The aim of this work is to study methods of 3-(2-N-(aryl,acyl)amino-5-methyl-1,3-thiazol-4-yl)-2H-chromen-2-ones preparation and their antimicrobial activity.

Materials and methods. 1Н NMR spectra were recorded on Varian Mercury-200 (200 MHz), 13C NMR spectra were acquired on Bruker Avance 500 1H NMR (500 MHz) and 13C NMR (125 MHz) in DMSO-d6 and CDCl3. LC-MS analysis of compounds was performed on an Agilent 1100 HPLC instrument with chemical ionization at atmospheric pressure (APCI). The study of antimicrobial activity of compounds was performed by agar well diffusion method. The docking studies were performed using Autodock Vina.

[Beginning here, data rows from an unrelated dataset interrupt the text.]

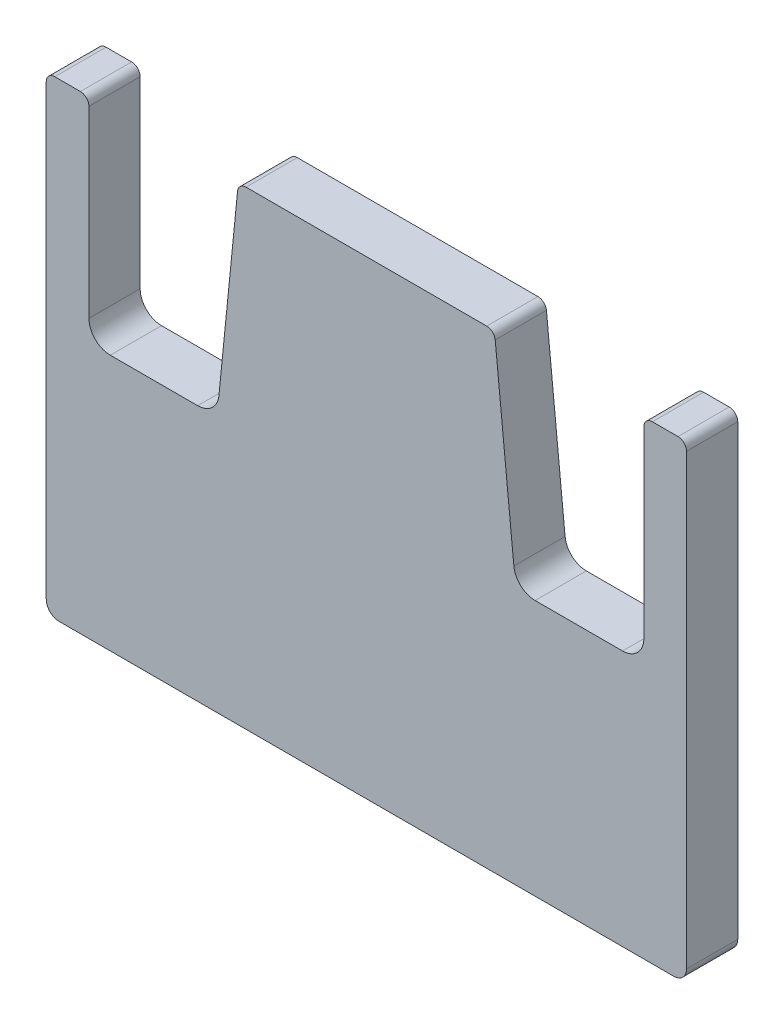
SolidWorks part; units mm, degrees
ref_plane "Plan de face" through (0, 0, 0) normal (0, 0, 1) x (1, 0, 0)
ref_plane "Plan de dessus" through (0, 0, 0) normal (0, 1, 0) x (1, 0, 0)
ref_plane "Plan de droite" through (0, 0, 0) normal (1, 0, 0) x (0, 0, -1)
sketch "Esquisse1" plane through (0, 0, 0) normal (0, 0, 1) x (1, 0, 0)
  line L0 (0, 0) -> (150, 0)
  line L1 (150, 0) -> (150, 110)
  line L2 (150, 110) -> (0, 110)
  line L3 (75, 110) -> (75, 0) construction
  line L4 (0, 0) -> (0, 110)
  dimension "D1" = 110
  dimension "D2" = 150
  dimension "D3" = 150
extrude "Boss.-Extru.1" add sketch "Esquisse1" along normal blind 12
sketch "Esquisse2" plane through (0, 0, 12) normal (0, 0, 1) x (1, 0, 0)
  line L0 (75, 110) -> (75, 0) construction
  line L1 (150, 110) -> (0, 110) construction
  line L2 (0, 0) -> (150, 0) construction
  line L3 (105, 110) -> (110, 60)
  line L4 (10, 110) -> (45, 110)
  line L5 (10, 110) -> (10, 60)
  line L6 (10, 60) -> (40, 60)
  line L7 (45, 110) -> (40, 60)
  line L8 (140, 60) -> (110, 60)
  line L9 (140, 110) -> (140, 60)
  line L10 (140, 110) -> (105, 110)
  point P20 (0, 110)
  dimension "D1" = 35
  dimension "D2" = 30
  dimension "D3" = 50
  dimension "D4" = 10
extrude "Enlèv. mat.-Extru.1" cut sketch "Esquisse2" against normal through all both and the other way through all
fillet "Congé1" radius 5 4 edges at (140, 60, 6) (110, 60, 6) (40, 60, 6) (10, 60, 6)
sketch "Esquisse3" plane through (0, 0, 12) normal (0, 0, 1) x (1, 0, 0)
  line L0 (75, 0) -> (75, 30) construction
  line L1 (0, 0) -> (150, 0) construction
  line L2 (75, 30) -> (25, 30) construction
  circle A0 centre (25, 30) radius 3.25
  circle A1 centre (125, 30) radius 3.25
  dimension "D1" = 6.5
  dimension "D2" = 100
  dimension "D3" = 30
extrude "Enlèv. mat.-Extru.2" [suppressed] cut sketch "Esquisse3" against normal through all both and the other way through all
fillet "Congé2" radius 2 6 edges at (150, 110, 6) (0, 110, 6) (140, 110, 6) (105, 110, 6) (45, 110, 6) (10, 110, 6)
fillet "Congé3" radius 3 2 edges at (150, 0, 6) (0, 0, 6)
chamfer "Chanfrein1" [suppressed] distance 4 angle 45

Results and discussion. The interaction of 3-(2-bromopropanoyl)-2H-chromen-2-ones with N-substituted thioureas produced novel derivatives of 3-(2-N-(aryl,acyl)amino-5-methyl-1,3-thiazol-4-yl)chromen-2-ones. The study of antimicrobial activity of the obtained compounds allowed to identify active samples against E. сoli and P. aeruginosa strains. Among the tested compounds, 8-methoxy-3-{2-[(2-methoxyphenyl)amino]-5-methyl-1,3-thiazol-4-yl}-2H-chromen-2-one showed higher activity than the reference drug Streptomycin against E. coli strain. Some compounds showed high activity against P. aeruginosa. Docking studies of the synthesized compounds indicated that they can bind in the active site to bacterial tRNA (guanine37-N1)-methyltransferase.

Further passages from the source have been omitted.